Exercise aim:
Return every line of the records, exact and in full, until you have returned the line with "mat_pupil = bpy.data.materials.new('Pupil')", and include none of the pictures.

Collected data:
Segment Open
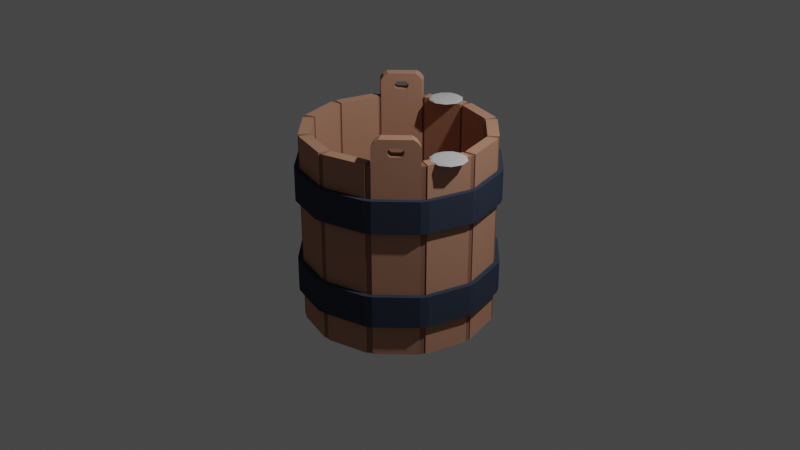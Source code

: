 # Source: Bucket.blend  (saved by Blender 3.0.42; exported with 4.5.12 LTS)
import bpy
from mathutils import Matrix  # noqa: F401  (used for matrix-valued properties, if any)

bpy.ops.wm.read_factory_settings(use_empty=True)
scene = bpy.context.scene
scene.name = 'Scene'

# ---- collections
col_collection = bpy.data.collections.new('Collection'); scene.collection.children.link(col_collection)

# ---- materials (node trees are filled in below, after node groups)
mat_wood = bpy.data.materials.new('Wood')
mat_wood.use_transparent_shadow = False
mat_wood.diffuse_color = (0.477, 0.2501, 0.1655, 1.0)
mat_metal = bpy.data.materials.new('Metal')
mat_metal.use_transparent_shadow = False
mat_metal.diffuse_color = (0.04125, 0.05182, 0.08, 1.0)
mat_woodsealent = bpy.data.materials.new('WoodSealent')
mat_woodsealent.use_transparent_shadow = False
mat_woodsealent.diffuse_color = (0.281, 0.142, 0.09623, 1.0)
mat_clearplastic = bpy.data.materials.new('ClearPlastic')
mat_clearplastic.surface_render_method = 'BLENDED'
mat_clearplastic.blend_method = 'BLEND'
mat_clearplastic.diffuse_color = (0.5815, 0.5815, 0.5815, 0.4929)
mat_clearplastic.roughness = 0.0
mat_clearplastic.metallic = 1.0
mat_pupil = bpy.data.materials.new('Pupil')
mat_pupil.use_transparent_shadow = False
mat_pupil.diffuse_color = (0.0, 0.0, 0.0, 1.0)
mat_whiteplastic = bpy.data.materials.new('WhitePlastic')
mat_whiteplastic.use_transparent_shadow = False

# ---- material node trees
mat_whiteplastic.use_nodes = True; mat_whiteplastic.node_tree.nodes.clear()
_N = mat_whiteplastic.node_tree.nodes; _L = mat_whiteplastic.node_tree.links
n0 = _N.new('ShaderNodeBsdfPrincipled'); n0.name = 'Principled BSDF'; n0.location = (10, 300)
n0.distribution = 'GGX'
n0.subsurface_method = 'RANDOM_WALK_SKIN'
n0.inputs[3].default_value = 1.45
n0.inputs[27].default_value = (0.0, 0.0, 0.0, 1.0)
n0.inputs[28].default_value = 1.0
n1 = _N.new('ShaderNodeOutputMaterial'); n1.name = 'Material Output'; n1.location = (300, 300)
_L.new(n0.outputs[0], n1.inputs[0])
n1.is_active_output = True

# ---- world
world_world = bpy.data.worlds.new('World'); scene.world = world_world
world_world.use_nodes = True; world_world.node_tree.nodes.clear()
_N = world_world.node_tree.nodes; _L = world_world.node_tree.links
n0 = _N.new('ShaderNodeOutputWorld'); n0.name = 'World Output'; n0.location = (300, 300)
n1 = _N.new('ShaderNodeBackground'); n1.name = 'Background'; n1.location = (10, 300)
n1.inputs[0].default_value = (0.05088, 0.05088, 0.05088, 1.0)
_L.new(n1.outputs[0], n0.inputs[0])
n0.is_active_output = True
world_world.color = (0.05088, 0.05088, 0.05088)
world_world.use_sun_shadow = False
world_world.sun_shadow_jitter_overblur = 0.0

# ---- cameras
cam_camera = bpy.data.cameras.new('Camera')
cam_camera.clip_end = 100.0
cam_camera.ortho_scale = 7.314

# ---- lights
light_light = bpy.data.lights.new('Light', 'POINT')
light_light.transmission_factor = 0.0
light_light.energy = 1000.0
light_light.shadow_soft_size = 0.1
light_light.shadow_maximum_resolution = 0.006
light_light.use_absolute_resolution = True

# ---- meshes
me_cylinder_001 = bpy.data.meshes.new('Cylinder.001')
me_cylinder_001.from_pydata([(-0.02898, 0.9922, -1.0), (0.02898, 0.9922, -1.0), (0.01371, 0.8763, 1.0), (-0.01371, 0.8763, 1.0), (0.471, 0.8738, -1.0), (0.5212, 0.8448, -1.0), (0.45, 0.752, 1.0), (0.4263, 0.7657, 1.0), (0.8448, 0.5212, -1.0), (0.8738, 0.471, -1.0), (0.7657, 0.4263, 1.0), (0.752, 0.45, 1.0), (0.9922, 0.02898, -1.0), (0.9922, -0.02898, -1.0), (0.8763, -0.01371, 1.0), (0.8763, 0.01371, 1.0), (0.8738, -0.471, -1.0), (0.8448, -0.5212, -1.0), (0.752, -0.45, 1.0), (0.7657, -0.4263, 1.0), (0.5212, -0.8448, -1.0), (0.471, -0.8738, -1.0), (0.4263, -0.7657, 1.0), (0.45, -0.752, 1.0), (0.02898, -0.9922, -1.0), (-0.02898, -0.9922, -1.0), (-0.01371, -0.8763, 1.0), (0.01371, -0.8763, 1.0), (-0.471, -0.8738, -1.0), (-0.5212, -0.8448, -1.0), (-0.45, -0.752, 1.0), (-0.4263, -0.7657, 1.0), (-0.8448, -0.5212, -1.0), (-0.8738, -0.471, -1.0), (-0.7657, -0.4263, 1.0), (-0.752, -0.45, 1.0), (-0.9922, -0.02898, -1.0), (-0.9922, 0.02898, -1.0), (-0.8763, 0.01371, 1.0), (-0.8763, -0.01371, 1.0), (-0.8738, 0.471, -1.0), (-0.8448, 0.5212, -1.0), (-0.752, 0.45, 1.0), (-0.7657, 0.4263, 1.0), (-0.5212, 0.8448, -1.0), (-0.471, 0.8738, -1.0), (-0.4263, 0.7657, 1.0), (-0.45, 0.752, 1.0), (-0.02898, 0.9922, 1.0), (0.02898, 0.9922, 1.0), (0.471, 0.8738, 1.0), (0.5212, 0.8448, 1.0), (0.8448, 0.5212, 1.0), (0.8738, 0.471, 1.0), (0.9922, 0.02898, 1.0), (0.9922, -0.02898, 1.0), (0.8738, -0.471, 1.0), (0.8448, -0.5212, 1.0), (0.5212, -0.8448, 1.0), (0.471, -0.8738, 1.0), (0.02898, -0.9922, 1.0), (-0.02898, -0.9922, 1.0), (-0.471, -0.8738, 1.0), (-0.5212, -0.8448, 1.0), (-0.8448, -0.5212, 1.0), (-0.8738, -0.471, 1.0), (-0.9922, -0.02898, 1.0), (-0.9922, 0.02898, 1.0), (-0.8738, 0.471, 1.0), (-0.8448, 0.5212, 1.0), (-0.5212, 0.8448, 1.0), (-0.471, 0.8738, 1.0), (-0.01371, 0.8763, -0.8), (0.01371, 0.8763, -0.8), (0.4263, 0.7657, -0.8), (0.45, 0.752, -0.8), (0.752, 0.45, -0.8), (0.7657, 0.4263, -0.8), (0.8763, 0.01371, -0.8), (0.8763, -0.01371, -0.8), (0.7657, -0.4263, -0.8), (0.752, -0.45, -0.8), (0.45, -0.752, -0.8), (0.4263, -0.7657, -0.8), (0.01371, -0.8763, -0.8), (-0.01371, -0.8763, -0.8), (-0.4263, -0.7657, -0.8), (-0.45, -0.752, -0.8), (-0.752, -0.45, -0.8), (-0.7657, -0.4263, -0.8), (-0.8763, -0.01371, -0.8), (-0.8763, 0.01371, -0.8), (-0.7657, 0.4263, -0.8), (-0.752, 0.45, -0.8), (-0.45, 0.752, -0.8), (-0.4263, 0.7657, -0.8), (0.02898, 0.9822, -1.0), (-0.02898, 0.9822, -1.0), (-0.02898, 0.9822, 0.99), (0.02898, 0.9822, 0.99), (0.466, 0.8651, 0.99), (0.5162, 0.8362, 0.99), (0.5162, 0.8362, -1.0), (0.466, 0.8651, -1.0), (0.8362, 0.5162, 0.99), (0.8651, 0.466, 0.99), (0.8651, 0.466, -1.0), (0.8362, 0.5162, -1.0), (0.9822, 0.02898, 0.99), (0.9822, -0.02898, 0.99), (0.9822, -0.02898, -1.0), (0.9822, 0.02898, -1.0), (0.8651, -0.466, 0.99), (0.8362, -0.5162, 0.99), (0.8362, -0.5162, -1.0), (0.8651, -0.466, -1.0), (0.5162, -0.8362, 0.99), (0.466, -0.8651, 0.99), (0.466, -0.8651, -1.0), (0.5162, -0.8362, -1.0), (0.02898, -0.9822, 0.99), (-0.02898, -0.9822, 0.99), (-0.02898, -0.9822, -1.0), (0.02898, -0.9822, -1.0), (-0.466, -0.8651, 0.99), (-0.5162, -0.8362, 0.99), (-0.5162, -0.8362, -1.0), (-0.466, -0.8651, -1.0), (-0.8362, -0.5162, 0.99), (-0.8651, -0.466, 0.99), (-0.8651, -0.466, -1.0), (-0.8362, -0.5162, -1.0), (-0.9822, -0.02898, 0.99), (-0.9822, 0.02898, 0.99), (-0.9822, 0.02898, -1.0), (-0.9822, -0.02898, -1.0), (-0.8651, 0.466, 0.99), (-0.8362, 0.5162, 0.99), (-0.8362, 0.5162, -1.0), (-0.8651, 0.466, -1.0), (-0.5162, 0.8362, 0.99), (-0.466, 0.8651, 0.99), (-0.466, 0.8651, -1.0), (-0.5162, 0.8362, -1.0), (-0.01371, 0.8863, 0.99), (0.01371, 0.8863, 0.99), (0.4313, 0.7744, 0.99), (0.455, 0.7607, 0.99), (0.7607, 0.455, 0.99), (0.7744, 0.4313, 0.99), (0.8863, 0.01371, 0.99), (0.8863, -0.01371, 0.99), (0.7744, -0.4313, 0.99), (0.7607, -0.455, 0.99), (0.455, -0.7607, 0.99), (0.4313, -0.7744, 0.99), (0.01371, -0.8863, 0.99), (-0.01371, -0.8863, 0.99), (-0.4313, -0.7744, 0.99), (-0.455, -0.7607, 0.99), (-0.7607, -0.455, 0.99), (-0.7744, -0.4313, 0.99), (-0.8863, -0.01371, 0.99), (-0.8863, 0.01371, 0.99), (-0.7744, 0.4313, 0.99), (-0.7607, 0.455, 0.99), (-0.455, 0.7607, 0.99), (-0.4313, 0.7744, 0.99), (-0.01371, 0.8863, -0.8), (0.01371, 0.8863, -0.8), (0.4313, 0.7744, -0.8), (0.455, 0.7607, -0.8), (0.7607, 0.455, -0.8), (0.7744, 0.4313, -0.8), (0.8863, 0.01371, -0.8), (0.8863, -0.01371, -0.8), (0.7744, -0.4313, -0.8), (0.7607, -0.455, -0.8), (0.455, -0.7607, -0.8), (0.4313, -0.7744, -0.8), (0.01371, -0.8863, -0.8), (-0.01371, -0.8863, -0.8), (-0.4313, -0.7744, -0.8), (-0.455, -0.7607, -0.8), (-0.7607, -0.455, -0.8), (-0.7744, -0.4313, -0.8), (-0.8863, -0.01371, -0.8), (-0.8863, 0.01371, -0.8), (-0.7744, 0.4313, -0.8), (-0.7607, 0.455, -0.8), (-0.455, 0.7607, -0.8), (-0.4313, 0.7744, -0.8), (-0.02898, 0.9922, 0.3333), (-0.02898, 0.9922, 0.6667), (0.02898, 0.9922, -0.3333), (0.02898, 0.9922, -0.6667), (0.5212, 0.8448, -0.3333), (0.5212, 0.8448, -0.6667), (0.471, 0.8738, 0.3333), (0.471, 0.8738, 0.6667), (0.8738, 0.471, -0.3333), (0.8738, 0.471, -0.6667), (0.8448, 0.5212, 0.3333), (0.8448, 0.5212, 0.6667), (0.9922, -0.02898, -0.3333), (0.9922, -0.02898, -0.6667), (0.9922, 0.02898, 0.3333), (0.9922, 0.02898, 0.6667), (0.8448, -0.5212, -0.3333), (0.8448, -0.5212, -0.6667), (0.8738, -0.471, 0.3333), (0.8738, -0.471, 0.6667), (0.471, -0.8738, -0.3333), (0.471, -0.8738, -0.6667), (0.5212, -0.8448, 0.3333), (0.5212, -0.8448, 0.6667), (-0.02898, -0.9922, -0.3333), (-0.02898, -0.9922, -0.6667), (0.02898, -0.9922, 0.3333), (0.02898, -0.9922, 0.6667), (-0.5212, -0.8448, -0.3333), (-0.5212, -0.8448, -0.6667), (-0.471, -0.8738, 0.3333), (-0.471, -0.8738, 0.6667), (-0.8738, -0.471, -0.3333), (-0.8738, -0.471, -0.6667), (-0.8448, -0.5212, 0.3333), (-0.8448, -0.5212, 0.6667), (-0.9922, 0.02898, -0.3333), (-0.9922, 0.02898, -0.6667), (-0.9922, -0.02898, 0.3333), (-0.9922, -0.02898, 0.6667), (-0.8448, 0.5212, -0.3333), (-0.8448, 0.5212, -0.6667), (-0.8738, 0.471, 0.3333), (-0.8738, 0.471, 0.6667), (-0.471, 0.8738, -0.3333), (-0.471, 0.8738, -0.6667), (-0.5212, 0.8448, 0.3333), (-0.5212, 0.8448, 0.6667), (-0.02898, 0.9922, -0.6667), (-0.02898, 0.9922, -0.3333), (0.02898, 0.9922, 0.6667), (0.02898, 0.9922, 0.3333), (0.5212, 0.8448, 0.6667), (0.5212, 0.8448, 0.3333), (0.471, 0.8738, -0.6667), (0.471, 0.8738, -0.3333), (0.8738, 0.471, 0.6667), (0.8738, 0.471, 0.3333), (0.8448, 0.5212, -0.6667), (0.8448, 0.5212, -0.3333), (0.9922, -0.02898, 0.6667), (0.9922, -0.02898, 0.3333), (0.9922, 0.02898, -0.6667), (0.9922, 0.02898, -0.3333), (0.8448, -0.5212, 0.6667), (0.8448, -0.5212, 0.3333), (0.8738, -0.471, -0.6667), (0.8738, -0.471, -0.3333), (0.471, -0.8738, 0.6667), (0.471, -0.8738, 0.3333), (0.5212, -0.8448, -0.6667), (0.5212, -0.8448, -0.3333), (-0.02898, -0.9922, 0.6667), (-0.02898, -0.9922, 0.3333), (0.02898, -0.9922, -0.6667), (0.02898, -0.9922, -0.3333), (-0.5212, -0.8448, 0.6667), (-0.5212, -0.8448, 0.3333), (-0.471, -0.8738, -0.6667), (-0.471, -0.8738, -0.3333), (-0.8738, -0.471, 0.6667), (-0.8738, -0.471, 0.3333), (-0.8448, -0.5212, -0.6667), (-0.8448, -0.5212, -0.3333), (-0.9922, 0.02898, 0.6667), (-0.9922, 0.02898, 0.3333), (-0.9922, -0.02898, -0.6667), (-0.9922, -0.02898, -0.3333), (-0.8448, 0.5212, 0.6667), (-0.8448, 0.5212, 0.3333), (-0.8738, 0.471, -0.6667), (-0.8738, 0.471, -0.3333), (-0.471, 0.8738, 0.6667), (-0.471, 0.8738, 0.3333), (-0.5212, 0.8448, -0.6667), (-0.5212, 0.8448, -0.3333), (0.9221, 0.484, -0.3333), (0.9221, 0.484, -0.6667), (1.041, 0.04192, 0.3333), (1.041, 0.04192, 0.6667), (0.9221, 0.484, 0.6667), (0.9221, 0.484, 0.3333), (1.041, 0.04192, -0.6667), (1.041, 0.04192, -0.3333), (0.5566, 0.8802, -0.3333), (0.5566, 0.8802, -0.6667), (0.8802, 0.5566, 0.3333), (0.8802, 0.5566, 0.6667), (0.5566, 0.8802, 0.6667), (0.5566, 0.8802, 0.3333), (0.8802, 0.5566, -0.6667), (0.8802, 0.5566, -0.3333), (1.041, -0.04192, -0.3333), (1.041, -0.04192, -0.6667), (0.9221, -0.484, 0.3333), (0.9221, -0.484, 0.6667), (1.041, -0.04192, 0.6667), (1.041, -0.04192, 0.3333), (0.9221, -0.484, -0.6667), (0.9221, -0.484, -0.3333), (0.8802, -0.5566, -0.3333), (0.8802, -0.5566, -0.6667), (0.5566, -0.8802, 0.3333), (0.5566, -0.8802, 0.6667), (0.8802, -0.5566, 0.6667), (0.8802, -0.5566, 0.3333), (0.5566, -0.8802, -0.6667), (0.5566, -0.8802, -0.3333), (0.484, -0.9221, -0.3333), (0.484, -0.9221, -0.6667), (0.04192, -1.041, 0.3333), (0.04192, -1.041, 0.6667), (0.484, -0.9221, 0.6667), (0.484, -0.9221, 0.3333), (0.04192, -1.041, -0.6667), (0.04192, -1.041, -0.3333), (-0.04451, -1.05, -0.3333), (-0.04451, -1.05, -0.6667), (-0.4866, -0.9317, 0.3333), (-0.4866, -0.9317, 0.6667), (-0.04451, -1.05, 0.6667), (-0.04451, -1.05, 0.3333), (-0.4866, -0.9317, -0.6667), (-0.4866, -0.9317, -0.3333), (-0.5566, -0.8802, -0.3333), (-0.5566, -0.8802, -0.6667), (-0.8802, -0.5566, 0.3333), (-0.8802, -0.5566, 0.6667), (-0.5566, -0.8802, 0.6667), (-0.5566, -0.8802, 0.3333), (-0.8802, -0.5566, -0.6667), (-0.8802, -0.5566, -0.3333), (-0.9221, -0.484, -0.3333), (-0.9221, -0.484, -0.6667), (-1.041, -0.04192, 0.3333), (-1.041, -0.04192, 0.6667), (-0.9221, -0.484, 0.6667), (-0.9221, -0.484, 0.3333), (-1.041, -0.04192, -0.6667), (-1.041, -0.04192, -0.3333), (-1.041, 0.04192, -0.3333), (-1.041, 0.04192, -0.6667), (-0.9221, 0.484, 0.3333), (-0.9221, 0.484, 0.6667), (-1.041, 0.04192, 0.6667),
Segment Closed
Solution for this exercise:
Source code

: # Source: Bucket.blend  (saved by Blender 3.0.42; exported with 4.5.12 LTS)
import bpy
from mathutils import Matrix  # noqa: F401  (used for matrix-valued properties, if any)

bpy.ops.wm.read_factory_settings(use_empty=True)
scene = bpy.context.scene
scene.name = 'Scene'

# ---- collections
col_collection = bpy.data.collections.new('Collection'); scene.collection.children.link(col_collection)

# ---- materials (node trees are filled in below, after node groups)
mat_wood = bpy.data.materials.new('Wood')
mat_wood.use_transparent_shadow = False
mat_wood.diffuse_color = (0.477, 0.2501, 0.1655, 1.0)
mat_metal = bpy.data.materials.new('Metal')
mat_metal.use_transparent_shadow = False
mat_metal.diffuse_color = (0.04125, 0.05182, 0.08, 1.0)
mat_woodsealent = bpy.data.materials.new('WoodSealent')
mat_woodsealent.use_transparent_shadow = False
mat_woodsealent.diffuse_color = (0.281, 0.142, 0.09623, 1.0)
mat_clearplastic = bpy.data.materials.new('ClearPlastic')
mat_clearplastic.surface_render_method = 'BLENDED'
mat_clearplastic.blend_method = 'BLEND'
mat_clearplastic.diffuse_color = (0.5815, 0.5815, 0.5815, 0.4929)
mat_clearplastic.roughness = 0.0
mat_clearplastic.metallic = 1.0
mat_pupil = bpy.data.materials.new('Pupil')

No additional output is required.